Fig. 4 Same calibration in qwen L20 space (d=3584). Negative FVE at tiny rank is the renormalize-to-√d contract punishing a near-mean reconstruction blown up to full norm — kept for consistency with every other number in the series.
numberspaceFVEr*of d
NLA same-model round-tripgemma L410.77429275376
NLA same-model round-tripqwen L200.7529293584
text route, qwen→gemmagemma L410.52813445376
text route, gemma→qwenqwen L200.5923893584
finetuned-model drift decodegemma L410.4208315376
recursion, round 7gemma L410.4168145376
RBF adapter @20k, q→ggemma L410.2783245376
ridge @20k, q→ggemma L410.2402225376
RBF adapter @20k, g→qqwen L200.4291683584
ridge @20k, g→qqwen L200.4221613584
MLP @20k, g→qqwen L200.3971413584
MLP @20k, q→ggemma L410.1991345376

r* interpolated on the measured FVE-vs-rank curve; smooth and rising through every quoted region (gemma: 0.713 @ r=2476 → 0.883 @ r=3856).

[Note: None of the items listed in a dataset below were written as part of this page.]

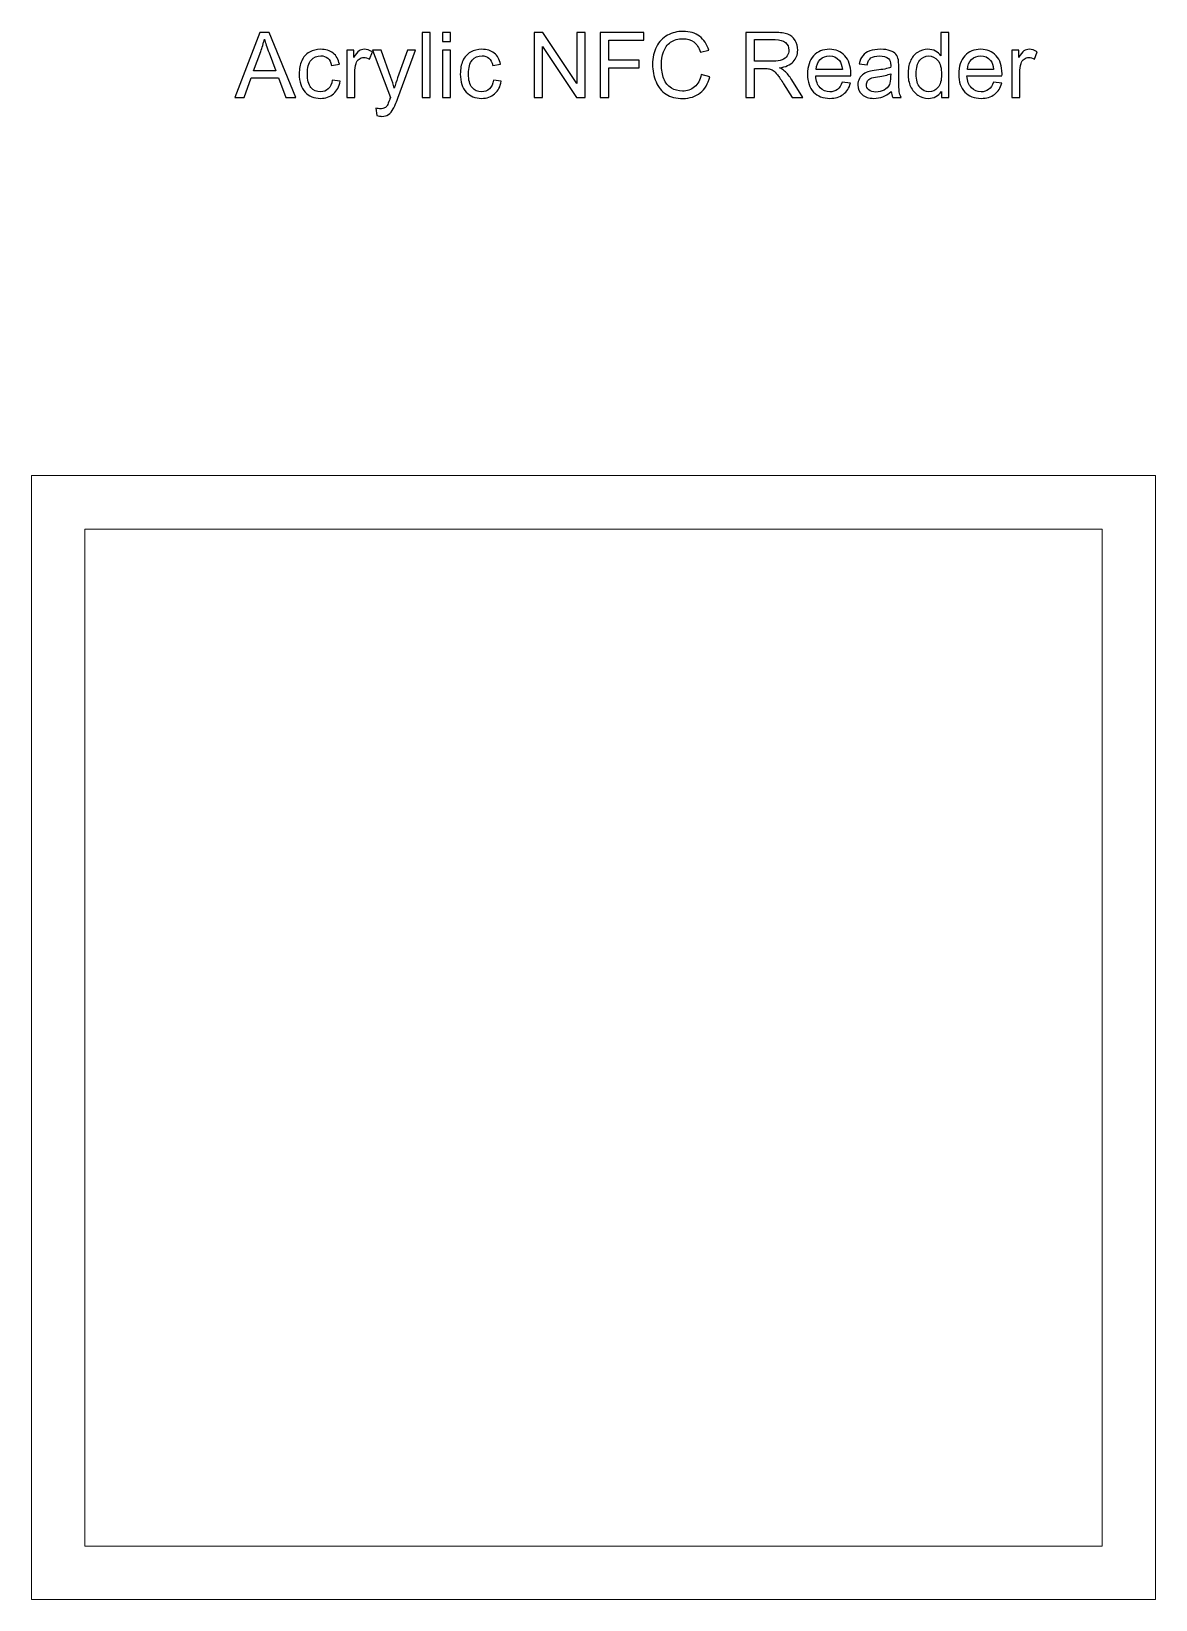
# Model space of a CAD drawing. Header units: centimetres. Extents: x -4.8 to 5.7, y -5.4 to 9.2.
import ezdxf

# ---------------------------------------------------------------- set-up
doc = ezdxf.new("R2010")
doc.units = ezdxf.units.CM
doc.header["$MEASUREMENT"] = 0
doc.layers.add('Layer 1', color=7, linetype='Continuous')

msp = doc.modelspace()

# ---------------------------------------------------------------- linework, layer by layer
at = {"layer": 'Layer 1', "color": 250, "lineweight": 20}
for points in [[(-4.84216, -5.4099), (5.65784, -5.4099), (5.65784, 5.0901), (-4.84216, 5.0901), (-4.84216, -5.4099)], [(-4.34216, -4.9099), (5.15784, -4.9099), (5.15784, 4.5901), (-4.34216, 4.5901), (-4.34216, -4.9099)]]:
    msp.add_lwpolyline(points, close=True, dxfattribs=at)
at = {"layer": 'Layer 1', "color": 250}
for points, knots in [([(-2.94059, 8.62386), (-2.94059, 8.62386), (-2.70804, 9.23008), (-2.70804, 9.23008), (-2.70804, 9.23008), (-2.61984, 9.23008), (-2.61984, 9.23008), (-2.61984, 9.23008), (-2.37304, 8.62386), (-2.37304, 8.62386), (-2.37304, 8.62386), (-2.46434, 8.62386), (-2.46434, 8.62386), (-2.46434, 8.62386), (-2.53447, 8.80759), (-2.53447, 8.80759), (-2.53447, 8.80759), (-2.78974, 8.80759), (-2.78974, 8.80759), (-2.78974, 8.80759), (-2.8555, 8.62386), (-2.8555, 8.62386), (-2.8555, 8.62386), (-2.94059, 8.62386), (-2.94059, 8.62386)], [0, 0, 0, 0, 0.125, 0.125, 0.125, 0.25, 0.25, 0.25, 0.375, 0.375, 0.375, 0.5, 0.5, 0.5, 0.625, 0.625, 0.625, 0.75, 0.75, 0.75, 0.875, 0.875, 0.875, 1, 1, 1, 1]), ([(-1.19178, 8.62386), (-1.19178, 8.62386), (-1.19178, 9.23008), (-1.19178, 9.23008), (-1.19178, 9.23008), (-1.11728, 9.23008), (-1.11728, 9.23008), (-1.11728, 9.23008), (-1.11728, 8.62386), (-1.11728, 8.62386), (-1.11728, 8.62386), (-1.19178, 8.62386), (-1.19178, 8.62386)], [0, 0, 0, 0, 0.25, 0.25, 0.25, 0.5, 0.5, 0.5, 0.75, 0.75, 0.75, 1, 1, 1, 1]), ([(-1.00199, 9.14541), (-1.00199, 9.14541), (-1.00199, 9.23008), (-1.00199, 9.23008), (-1.00199, 9.23008), (-0.92748, 9.23008), (-0.92748, 9.23008), (-0.92748, 9.23008), (-0.92748, 9.14541), (-0.92748, 9.14541), (-0.92748, 9.14541), (-1.00199, 9.14541), (-1.00199, 9.14541)], [0, 0, 0, 0, 0.25, 0.25, 0.25, 0.5, 0.5, 0.5, 0.75, 0.75, 0.75, 1, 1, 1, 1]), ([(-0.14685, 8.62386), (-0.14685, 8.62386), (-0.14685, 9.23008), (-0.14685, 9.23008), (-0.14685, 9.23008), (-0.06444, 9.23008), (-0.06444, 9.23008), (-0.06444, 9.23008), (0.25362, 8.75425), (0.25362, 8.75425), (0.25362, 8.75425), (0.25362, 9.23008), (0.25362, 9.23008), (0.25362, 9.23008), (0.33067, 9.23008), (0.33067, 9.23008), (0.33067, 9.23008), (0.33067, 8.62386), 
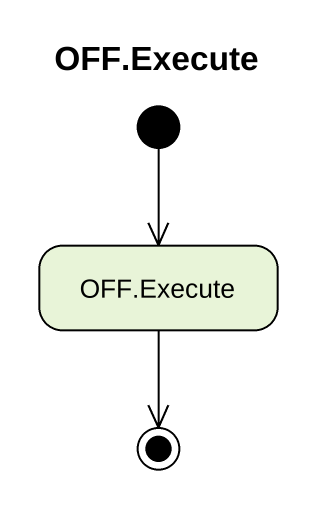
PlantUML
@startuml
title OFF.Execute
hide empty description
state "OFF.Execute" as OFF_Execute
[*] --> OFF_Execute
OFF_Execute --> [*]
@enduml

FindingA ~148-token explanation reconstructs a gemma L41 state as well as an optimal rank-2927 linear code — more than half the ambient dimensionality. Crossing families, the text route carries 2.4× (g→q) to 6× (q→g) the rank-equivalent of the best learned adapter. The deflationary reading — “0.775 is just a few dozen PCs” — is dead.
§4

Pre-registered bracket, scored

Verdict
The interlingua claim survives its owed-honesty check at full strength and comes out upgraded: the right headline is no longer “text beats ridge by 0.17 FVE” but “the text route moves 2.4–6× the linear-rank equivalent of anything learnable from 20k aligned pairs, and the same-model channel operates at rank-2927-of-5376 equivalent — through ~148 tokens of English you can read.” Caveats that ship with it: r* at high rank is an interpolation off a 20k-sample PCA (directionally solid, ±10%-ish); adapter conclusions are bounded by the 2×10⁵-pair extrapolation, not proven beyond it.